Sierra Club – Aichilik Rafting

Sierra Club – Aichilik Rafting


June 26, 2024 - July 3, 2024


Arctic National Wildlife Refuge


Payments through Sierra Club



June 26, 2024 - July 3, 2024


Arctic National Wildlife Refuge


Payments through Sierra Club

The Aichilik River is a beautiful clear river traversing the Coastal Plain of the Arctic National Wildlife Refuge. The trip starts in the foothills of the Brooks Range and ends at the frozen Arctic Ocean, allowing visitors to experience a great diversity of wildlife and habitats. The trip is timed to experience early summer in the arctic in all its abundance, with multitudes of birds nesting on the tundra, 24 hour daylight, and the river still running high from snowmelt.


The Arctic National Wildlife Refuge is a wilderness unparalleled. The diversity of landscapes, seasonal abundance of wildlife with global importance, significance to indigenous communities, and inspiring solitude has garnered the area international attention. In October 2023 the Biden Administration took the bold step and halted existing Trump-era leases in the Refuge. And the Biden administration is currently engaged in an environmental review that could stop future oil leases in the area. This would be a significant contribution to our national conservation goal. Sierra Club experts on our trip will provide inside information into the conservation efforts.

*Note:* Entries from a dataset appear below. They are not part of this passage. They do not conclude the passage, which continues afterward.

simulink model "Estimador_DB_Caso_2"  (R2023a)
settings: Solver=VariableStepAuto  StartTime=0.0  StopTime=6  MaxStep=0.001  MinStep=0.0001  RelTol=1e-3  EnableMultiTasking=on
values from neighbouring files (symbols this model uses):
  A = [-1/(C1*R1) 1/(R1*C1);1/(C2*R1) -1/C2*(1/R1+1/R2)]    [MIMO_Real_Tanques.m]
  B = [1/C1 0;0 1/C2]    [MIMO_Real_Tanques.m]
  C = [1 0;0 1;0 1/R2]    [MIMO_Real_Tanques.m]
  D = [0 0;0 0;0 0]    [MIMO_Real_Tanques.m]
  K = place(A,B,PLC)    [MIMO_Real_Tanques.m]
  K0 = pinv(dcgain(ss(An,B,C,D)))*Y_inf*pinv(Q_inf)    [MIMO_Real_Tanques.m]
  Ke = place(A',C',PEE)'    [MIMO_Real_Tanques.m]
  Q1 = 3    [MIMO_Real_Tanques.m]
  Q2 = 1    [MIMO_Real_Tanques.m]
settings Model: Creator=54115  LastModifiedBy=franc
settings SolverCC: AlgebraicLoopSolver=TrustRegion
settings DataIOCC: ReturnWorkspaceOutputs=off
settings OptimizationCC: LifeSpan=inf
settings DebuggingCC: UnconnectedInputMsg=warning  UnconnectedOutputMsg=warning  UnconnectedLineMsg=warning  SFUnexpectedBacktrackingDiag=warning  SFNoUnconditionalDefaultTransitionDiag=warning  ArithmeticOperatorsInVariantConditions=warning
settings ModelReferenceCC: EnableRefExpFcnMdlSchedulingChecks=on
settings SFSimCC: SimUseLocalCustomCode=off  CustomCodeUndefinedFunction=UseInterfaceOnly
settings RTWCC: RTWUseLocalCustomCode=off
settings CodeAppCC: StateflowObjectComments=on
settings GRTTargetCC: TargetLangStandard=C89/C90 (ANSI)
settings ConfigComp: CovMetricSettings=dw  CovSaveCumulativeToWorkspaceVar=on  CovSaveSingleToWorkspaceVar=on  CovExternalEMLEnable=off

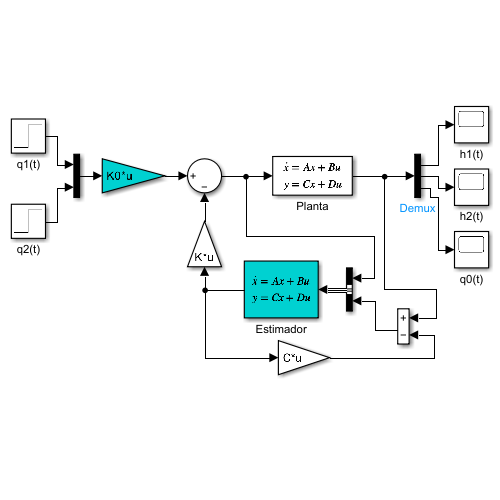
[thumbnail: Simulink's stored preview of the top-level diagram]
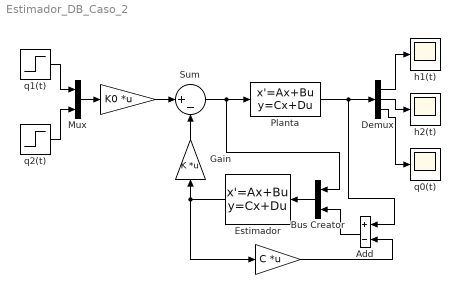
== system Estimador_DB_Caso_2 ==
  " " : Gain  Gain=K0  Multiplication=Matrix(K*u)
  "  " : Gain  Gain=C  Multiplication=Matrix(K*u)
  Add : Sum  Inputs=+-
  Bus Creator : BusCreator  Inputs=2
  Demux : Demux  Outputs=3
  Estimador : StateSpace  A=A  B=[B Ke]  C=eye(2)  D=[0 0 0 0 0;0 0 0 0 0]  InitialCondition=0
  Gain : Gain  Gain=K  Multiplication=Matrix(K*u)
  Mux : Mux  Inputs=2
  Planta : StateSpace  A=A  B=B  C=C  D=D  InitialCondition=0
  Sum : Sum  Inputs=|+-
  h1(t) : Scope
  h2(t) : Scope
  q0(t) : Scope
  q1(t) : Step  Time=0  After=Q1  SampleTime=0
  q2(t) : Step  Time=0  After=Q2  SampleTime=0
  wires:
  Estimador/1 -> Gain/1, "  "/1
  Bus Creator/1 -> Estimador/1
  Demux/1 -> h1(t)/1
  Mux/1 -> " "/1
  Demux/3 -> q0(t)/1
  q2(t)/1 -> Mux/2
  q1(t)/1 -> Mux/1
  Planta/1 -> Add/1, Demux/1
  Demux/2 -> h2(t)/1
  " "/1 -> Sum/1
  Gain/1 -> Sum/2
  "  "/1 -> Add/2
  Add/1 -> Bus Creator/2
  Sum/1 -> Bus Creator/1, Planta/1

Silence, sweeping vistas, pure water, and solitude make this an exceptional wilderness journey. The hiking in the foothills is excellent and we can expect wildlife encounters each and every day. Some years, the Porcupine Caribou Herd numbering almost 200,000 migrates across the Aichilik near the solstice. With luck we may be in the right place at the right time to witness great throngs of caribou swimming the river. Even if we don’t see them, their presence is etched in the tundra of this inspiring wilderness.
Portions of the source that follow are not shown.